A cheap way to test your lenses is to use a book shelf and compare images subjectively.

-Make sure all the books in the shelf are level, an easy way to do this is to get a long steel ruler, place it against the bookshelf frame, then pull the books forward against the ruler.
- Set up your camera/tripod to that for each focal length (zoom or different prime lenses) have the same field of view. 
-Use a remote to minimise vibrations of you touching the camera.
- Use Liveview with the 10x (or highest magnification setting) to manually focus on the book in the center of the frame. If you do not use liveview, you should manually focus the lens and leave it on manual focus.
- Start with the widest aperture (e.g. f2.8). This will give you the narrowest depth of field and give you an idea if your lens has field curvature at the corners. Some lenses will appear soft in the corners, this is not necessarily due to lens sharpness but the focal plane is actually a curved plane.
-Take shots through the aperture range, don't change the focus. You want to understand the change to any field curvature. As you stop down, your depth of field will increase and your corners will become sharper both due to field curvature and also lens aberration will be improved. I recommend either using aperture priority to maintain the same exposure, or use manual mode and adjust the shutter speed to maintain the same exposure when you stop down.
-Repeat for each focal length.
-Import the files into your RAW converter
-If you have a grey card in the shot, correct the white balance.
-Now this may be controversial, but myself and my photography mentor, believe it is better to apply optimal capture sharpening in the RAW converter to correct for the anti-aliasing filter of the camera. This is particularly important when comparing different camera systems with different AA filters and sensor resolutions. Now many people will say that you should not apply any sharpening and compare all images as unsharpened, but this is not real world practice. After all, you don't leave your nice photos you take unsharpened. I think this way of thinking has come about by many online lens test reviews where the person has not optimally sharpened the RAW file and has over done it. Sharpening is a skill that takes a lot of practice and a good eye to get it right, but once you have YOUR sharpening workflow figured out, you should be able to consistently apply it to any image. Of course this comes down to practice and experience. Let the flame war begin! (To those people that disagree, that is fine, you can adjust the method to suit how you feel about it).
-I reccomend you rename the files to include the lens, focal length and aperture setting e.g. 24-70f2-8_24mm_f2-8
-One you have all the images, it is just a matter of comparing them side by side.

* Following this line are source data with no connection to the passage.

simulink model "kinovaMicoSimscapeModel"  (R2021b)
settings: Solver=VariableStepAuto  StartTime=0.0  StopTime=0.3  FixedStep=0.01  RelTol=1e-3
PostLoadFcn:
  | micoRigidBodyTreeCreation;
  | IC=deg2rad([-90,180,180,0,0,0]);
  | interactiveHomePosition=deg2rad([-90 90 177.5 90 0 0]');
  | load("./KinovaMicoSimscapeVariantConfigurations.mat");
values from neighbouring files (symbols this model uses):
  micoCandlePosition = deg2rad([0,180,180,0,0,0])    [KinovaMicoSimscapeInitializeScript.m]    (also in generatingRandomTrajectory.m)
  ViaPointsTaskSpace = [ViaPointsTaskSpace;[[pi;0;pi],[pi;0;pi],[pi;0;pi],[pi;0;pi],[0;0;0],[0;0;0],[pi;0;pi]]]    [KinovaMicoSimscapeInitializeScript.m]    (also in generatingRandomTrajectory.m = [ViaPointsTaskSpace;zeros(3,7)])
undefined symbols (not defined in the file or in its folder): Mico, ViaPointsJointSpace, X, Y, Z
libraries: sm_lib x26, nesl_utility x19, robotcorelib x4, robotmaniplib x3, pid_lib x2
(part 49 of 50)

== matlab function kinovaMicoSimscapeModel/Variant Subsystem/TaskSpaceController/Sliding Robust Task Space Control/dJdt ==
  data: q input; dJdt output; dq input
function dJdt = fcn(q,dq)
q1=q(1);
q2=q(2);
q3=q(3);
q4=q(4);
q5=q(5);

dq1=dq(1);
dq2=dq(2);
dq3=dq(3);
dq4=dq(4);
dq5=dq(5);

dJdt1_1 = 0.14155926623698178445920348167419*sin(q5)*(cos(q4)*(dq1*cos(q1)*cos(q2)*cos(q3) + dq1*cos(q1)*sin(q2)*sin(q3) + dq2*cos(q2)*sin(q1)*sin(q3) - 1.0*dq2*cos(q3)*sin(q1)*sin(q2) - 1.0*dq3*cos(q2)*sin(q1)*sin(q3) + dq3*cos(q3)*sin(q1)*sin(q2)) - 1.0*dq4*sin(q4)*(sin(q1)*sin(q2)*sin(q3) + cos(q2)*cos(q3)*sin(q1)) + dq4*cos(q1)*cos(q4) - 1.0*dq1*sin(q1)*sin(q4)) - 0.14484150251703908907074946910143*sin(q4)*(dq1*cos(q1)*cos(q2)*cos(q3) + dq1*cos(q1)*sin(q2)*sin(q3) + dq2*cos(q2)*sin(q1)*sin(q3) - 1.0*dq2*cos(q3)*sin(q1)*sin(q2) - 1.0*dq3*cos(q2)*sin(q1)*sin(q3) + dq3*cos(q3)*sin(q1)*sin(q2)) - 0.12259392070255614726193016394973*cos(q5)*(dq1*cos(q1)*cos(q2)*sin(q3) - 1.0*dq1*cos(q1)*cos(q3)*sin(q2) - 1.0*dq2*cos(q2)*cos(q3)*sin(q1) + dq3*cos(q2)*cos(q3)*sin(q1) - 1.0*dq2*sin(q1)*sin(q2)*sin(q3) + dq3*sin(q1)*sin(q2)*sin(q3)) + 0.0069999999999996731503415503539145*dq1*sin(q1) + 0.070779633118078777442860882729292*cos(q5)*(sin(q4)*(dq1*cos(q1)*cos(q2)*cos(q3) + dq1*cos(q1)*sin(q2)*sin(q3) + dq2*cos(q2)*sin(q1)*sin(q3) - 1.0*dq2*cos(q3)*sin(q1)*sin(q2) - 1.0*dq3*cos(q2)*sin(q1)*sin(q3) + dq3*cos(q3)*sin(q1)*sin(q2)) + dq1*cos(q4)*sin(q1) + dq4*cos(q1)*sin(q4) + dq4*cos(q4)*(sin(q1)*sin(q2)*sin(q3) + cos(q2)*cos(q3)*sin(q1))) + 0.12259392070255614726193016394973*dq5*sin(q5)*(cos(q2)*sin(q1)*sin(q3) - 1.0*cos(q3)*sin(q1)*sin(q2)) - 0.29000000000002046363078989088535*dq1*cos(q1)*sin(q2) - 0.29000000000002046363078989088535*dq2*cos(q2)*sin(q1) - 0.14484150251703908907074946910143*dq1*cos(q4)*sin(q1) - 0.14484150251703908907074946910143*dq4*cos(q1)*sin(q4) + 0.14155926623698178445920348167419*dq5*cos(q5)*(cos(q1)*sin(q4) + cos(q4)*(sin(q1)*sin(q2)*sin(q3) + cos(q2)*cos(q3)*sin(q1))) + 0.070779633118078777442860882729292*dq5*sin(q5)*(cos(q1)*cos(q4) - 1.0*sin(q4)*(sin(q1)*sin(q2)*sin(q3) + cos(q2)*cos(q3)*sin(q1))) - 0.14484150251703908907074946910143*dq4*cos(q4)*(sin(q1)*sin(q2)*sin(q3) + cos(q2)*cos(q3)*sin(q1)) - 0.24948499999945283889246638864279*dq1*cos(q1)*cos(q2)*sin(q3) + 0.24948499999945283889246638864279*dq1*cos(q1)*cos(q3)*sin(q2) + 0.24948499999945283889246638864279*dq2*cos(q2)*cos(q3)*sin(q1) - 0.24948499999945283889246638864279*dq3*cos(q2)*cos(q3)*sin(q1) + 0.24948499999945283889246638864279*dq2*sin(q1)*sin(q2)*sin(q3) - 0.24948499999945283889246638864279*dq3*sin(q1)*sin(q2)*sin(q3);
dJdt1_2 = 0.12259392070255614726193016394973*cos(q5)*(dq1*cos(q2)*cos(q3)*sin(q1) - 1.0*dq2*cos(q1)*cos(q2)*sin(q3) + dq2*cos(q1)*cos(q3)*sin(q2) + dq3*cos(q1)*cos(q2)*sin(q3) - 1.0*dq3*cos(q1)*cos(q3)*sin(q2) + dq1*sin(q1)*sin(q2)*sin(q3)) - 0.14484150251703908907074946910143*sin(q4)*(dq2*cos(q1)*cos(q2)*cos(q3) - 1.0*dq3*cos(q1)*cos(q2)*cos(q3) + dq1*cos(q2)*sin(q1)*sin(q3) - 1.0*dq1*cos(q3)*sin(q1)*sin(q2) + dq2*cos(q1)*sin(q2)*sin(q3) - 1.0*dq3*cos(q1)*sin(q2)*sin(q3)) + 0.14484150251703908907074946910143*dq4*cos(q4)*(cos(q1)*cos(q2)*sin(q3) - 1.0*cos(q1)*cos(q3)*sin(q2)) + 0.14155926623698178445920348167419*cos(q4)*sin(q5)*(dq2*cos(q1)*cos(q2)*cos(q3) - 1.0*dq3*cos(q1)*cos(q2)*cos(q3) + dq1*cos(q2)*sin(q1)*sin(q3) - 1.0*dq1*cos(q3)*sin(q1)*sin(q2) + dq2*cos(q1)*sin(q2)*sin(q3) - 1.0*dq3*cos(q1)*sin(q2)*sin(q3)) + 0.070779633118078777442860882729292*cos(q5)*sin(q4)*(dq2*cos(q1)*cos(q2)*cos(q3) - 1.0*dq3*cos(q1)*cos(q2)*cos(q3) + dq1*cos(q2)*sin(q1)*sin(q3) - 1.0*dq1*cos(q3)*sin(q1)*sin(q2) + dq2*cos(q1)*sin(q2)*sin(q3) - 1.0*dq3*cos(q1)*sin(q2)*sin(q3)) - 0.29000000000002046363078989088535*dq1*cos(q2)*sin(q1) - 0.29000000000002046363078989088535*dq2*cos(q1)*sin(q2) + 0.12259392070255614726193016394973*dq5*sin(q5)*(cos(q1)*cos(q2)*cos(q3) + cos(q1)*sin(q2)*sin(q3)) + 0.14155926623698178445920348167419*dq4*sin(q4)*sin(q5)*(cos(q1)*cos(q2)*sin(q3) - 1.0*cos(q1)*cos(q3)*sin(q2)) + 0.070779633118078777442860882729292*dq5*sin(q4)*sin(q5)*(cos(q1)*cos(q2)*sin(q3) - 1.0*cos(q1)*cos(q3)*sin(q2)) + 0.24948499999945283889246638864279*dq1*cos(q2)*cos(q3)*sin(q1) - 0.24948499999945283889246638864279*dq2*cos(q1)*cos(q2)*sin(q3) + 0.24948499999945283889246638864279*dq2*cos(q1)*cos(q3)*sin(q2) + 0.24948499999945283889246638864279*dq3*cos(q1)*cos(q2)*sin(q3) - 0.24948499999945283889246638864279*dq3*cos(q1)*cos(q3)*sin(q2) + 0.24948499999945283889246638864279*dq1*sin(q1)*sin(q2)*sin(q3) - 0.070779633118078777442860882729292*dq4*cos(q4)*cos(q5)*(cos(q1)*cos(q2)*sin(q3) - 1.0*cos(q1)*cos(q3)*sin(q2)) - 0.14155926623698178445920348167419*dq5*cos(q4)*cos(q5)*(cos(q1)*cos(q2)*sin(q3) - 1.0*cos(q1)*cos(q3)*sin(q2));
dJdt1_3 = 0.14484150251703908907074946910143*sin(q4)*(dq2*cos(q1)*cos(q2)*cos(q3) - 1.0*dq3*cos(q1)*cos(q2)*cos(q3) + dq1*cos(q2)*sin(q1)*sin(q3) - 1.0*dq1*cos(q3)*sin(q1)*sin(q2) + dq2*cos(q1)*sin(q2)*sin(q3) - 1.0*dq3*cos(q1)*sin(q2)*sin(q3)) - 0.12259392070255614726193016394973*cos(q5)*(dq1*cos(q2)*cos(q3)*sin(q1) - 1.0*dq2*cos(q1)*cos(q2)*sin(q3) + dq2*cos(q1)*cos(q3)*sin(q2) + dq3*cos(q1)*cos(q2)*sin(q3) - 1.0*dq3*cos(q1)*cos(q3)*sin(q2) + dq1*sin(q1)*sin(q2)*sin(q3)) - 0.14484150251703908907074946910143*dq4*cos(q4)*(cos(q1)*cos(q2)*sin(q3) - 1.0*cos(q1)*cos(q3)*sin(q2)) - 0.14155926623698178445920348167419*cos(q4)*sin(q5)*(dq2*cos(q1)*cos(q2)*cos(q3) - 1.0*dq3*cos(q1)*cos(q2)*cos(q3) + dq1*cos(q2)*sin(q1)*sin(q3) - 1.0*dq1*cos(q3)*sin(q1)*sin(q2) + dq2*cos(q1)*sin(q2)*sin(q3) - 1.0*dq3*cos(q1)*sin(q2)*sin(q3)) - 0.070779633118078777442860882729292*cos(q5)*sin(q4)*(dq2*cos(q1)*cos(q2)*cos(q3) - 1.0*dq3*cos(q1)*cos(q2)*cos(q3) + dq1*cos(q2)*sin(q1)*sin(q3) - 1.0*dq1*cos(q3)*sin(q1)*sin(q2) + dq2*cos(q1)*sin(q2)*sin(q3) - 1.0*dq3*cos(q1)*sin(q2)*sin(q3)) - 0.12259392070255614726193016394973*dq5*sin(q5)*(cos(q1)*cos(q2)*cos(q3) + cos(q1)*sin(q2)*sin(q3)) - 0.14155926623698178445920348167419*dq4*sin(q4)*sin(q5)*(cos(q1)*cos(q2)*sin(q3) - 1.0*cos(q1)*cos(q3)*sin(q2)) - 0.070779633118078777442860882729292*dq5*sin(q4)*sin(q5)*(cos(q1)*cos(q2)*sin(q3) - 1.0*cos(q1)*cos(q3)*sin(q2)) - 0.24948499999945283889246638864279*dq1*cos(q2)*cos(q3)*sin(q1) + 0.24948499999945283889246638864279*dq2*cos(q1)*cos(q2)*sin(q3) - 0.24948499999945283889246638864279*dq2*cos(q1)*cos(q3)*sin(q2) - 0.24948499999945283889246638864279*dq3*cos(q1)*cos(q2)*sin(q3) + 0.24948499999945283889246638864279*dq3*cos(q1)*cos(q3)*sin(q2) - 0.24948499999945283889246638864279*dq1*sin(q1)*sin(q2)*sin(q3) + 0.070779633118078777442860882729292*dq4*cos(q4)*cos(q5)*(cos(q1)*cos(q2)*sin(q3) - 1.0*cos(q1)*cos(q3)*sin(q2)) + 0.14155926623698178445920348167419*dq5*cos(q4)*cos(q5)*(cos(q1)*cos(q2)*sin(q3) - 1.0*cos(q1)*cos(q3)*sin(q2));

The advantage of the books is that they generally have very good printing of the text on the spine, particularly if they have dust covers rather than a textured hard cover.

Another trick you can do, is check the RAW file size in windows explorer or the mac equivalent (finder? not a mac user, but you will work it out). You will notice that if the lighting and exposure is the same for all shots, the file size will be different. This is because the sharper/more in focus shots will have more high frequency information that translates to a larger file size. This will give you a fast way to find the optimum aperture for that sensor resolution as it file will have the most data and remove some of the subjective element. It will also let you see where your diffraction limit is as the file size should drop off as you stop down too much.
This technique is used by astrophotographers to find the sharpest focus image or best tracking for their equatorial mount out of a bunch of test shots.

Now the only issue this method will have is that some lenses may perform better at different focus distances. E.g. infinity vs minimum focus distance. But it is a good start and you will learn a lot in the process with out spending any money. Just your time.

If you are able to pick an area of your bookshelf that you have read everything, you might be able to leave it set up for when you buy another lens in the future.

Happy lens testing. Hope my method helps.

David


----------



## neuroanatomist (Aug 21, 2014)

From the guys who's livelihood depends on it...

http://www.lensrentals.com/blog/2010/11/how-to-test-a-lens


----------



## ifp (Aug 21, 2014)

This one is another good read.

http://www.lensrentals.com/blog/2014/02/setting-up-an-optical-testing-station


----------



## Mitch.Conner (Aug 23, 2014)

Thanks guys. I'll read the articles by LensRentals.

As for the method posted above, davidcampbellphotography - why should I sharpen the images when testing a lens? Why wouldn't it be better to leave the images as is for comparison?

Also, I'm a little lost on that method. What would I be comparing my images against to know if the lens is performing as it should be?


----------



## Mt Spokane Photography (Aug 23, 2014)

Testing lenses is a minefield.

First of all, they usually focus differently at different distances, testing at a distance of 50X focal length usually, but not always works best. Its a good idea to test at three or more different distances to see if its a serious issue.

If you can use some flat surface like a brick wall, and make certain you are perpendicular to it, the results can reveal some things like a decentered lens element. The image will be out of focus on one edge while the opposite edge is sharp. Rotate the camera and if the oof edge follows the rotation, you have found a issue. Using star charts can find the issue as well.

I like and use FoCal, but it requires a careful setup, and paying attention to factors that affect your results. Its good to understand those factors that affect the AF system since they apply to normal shooting.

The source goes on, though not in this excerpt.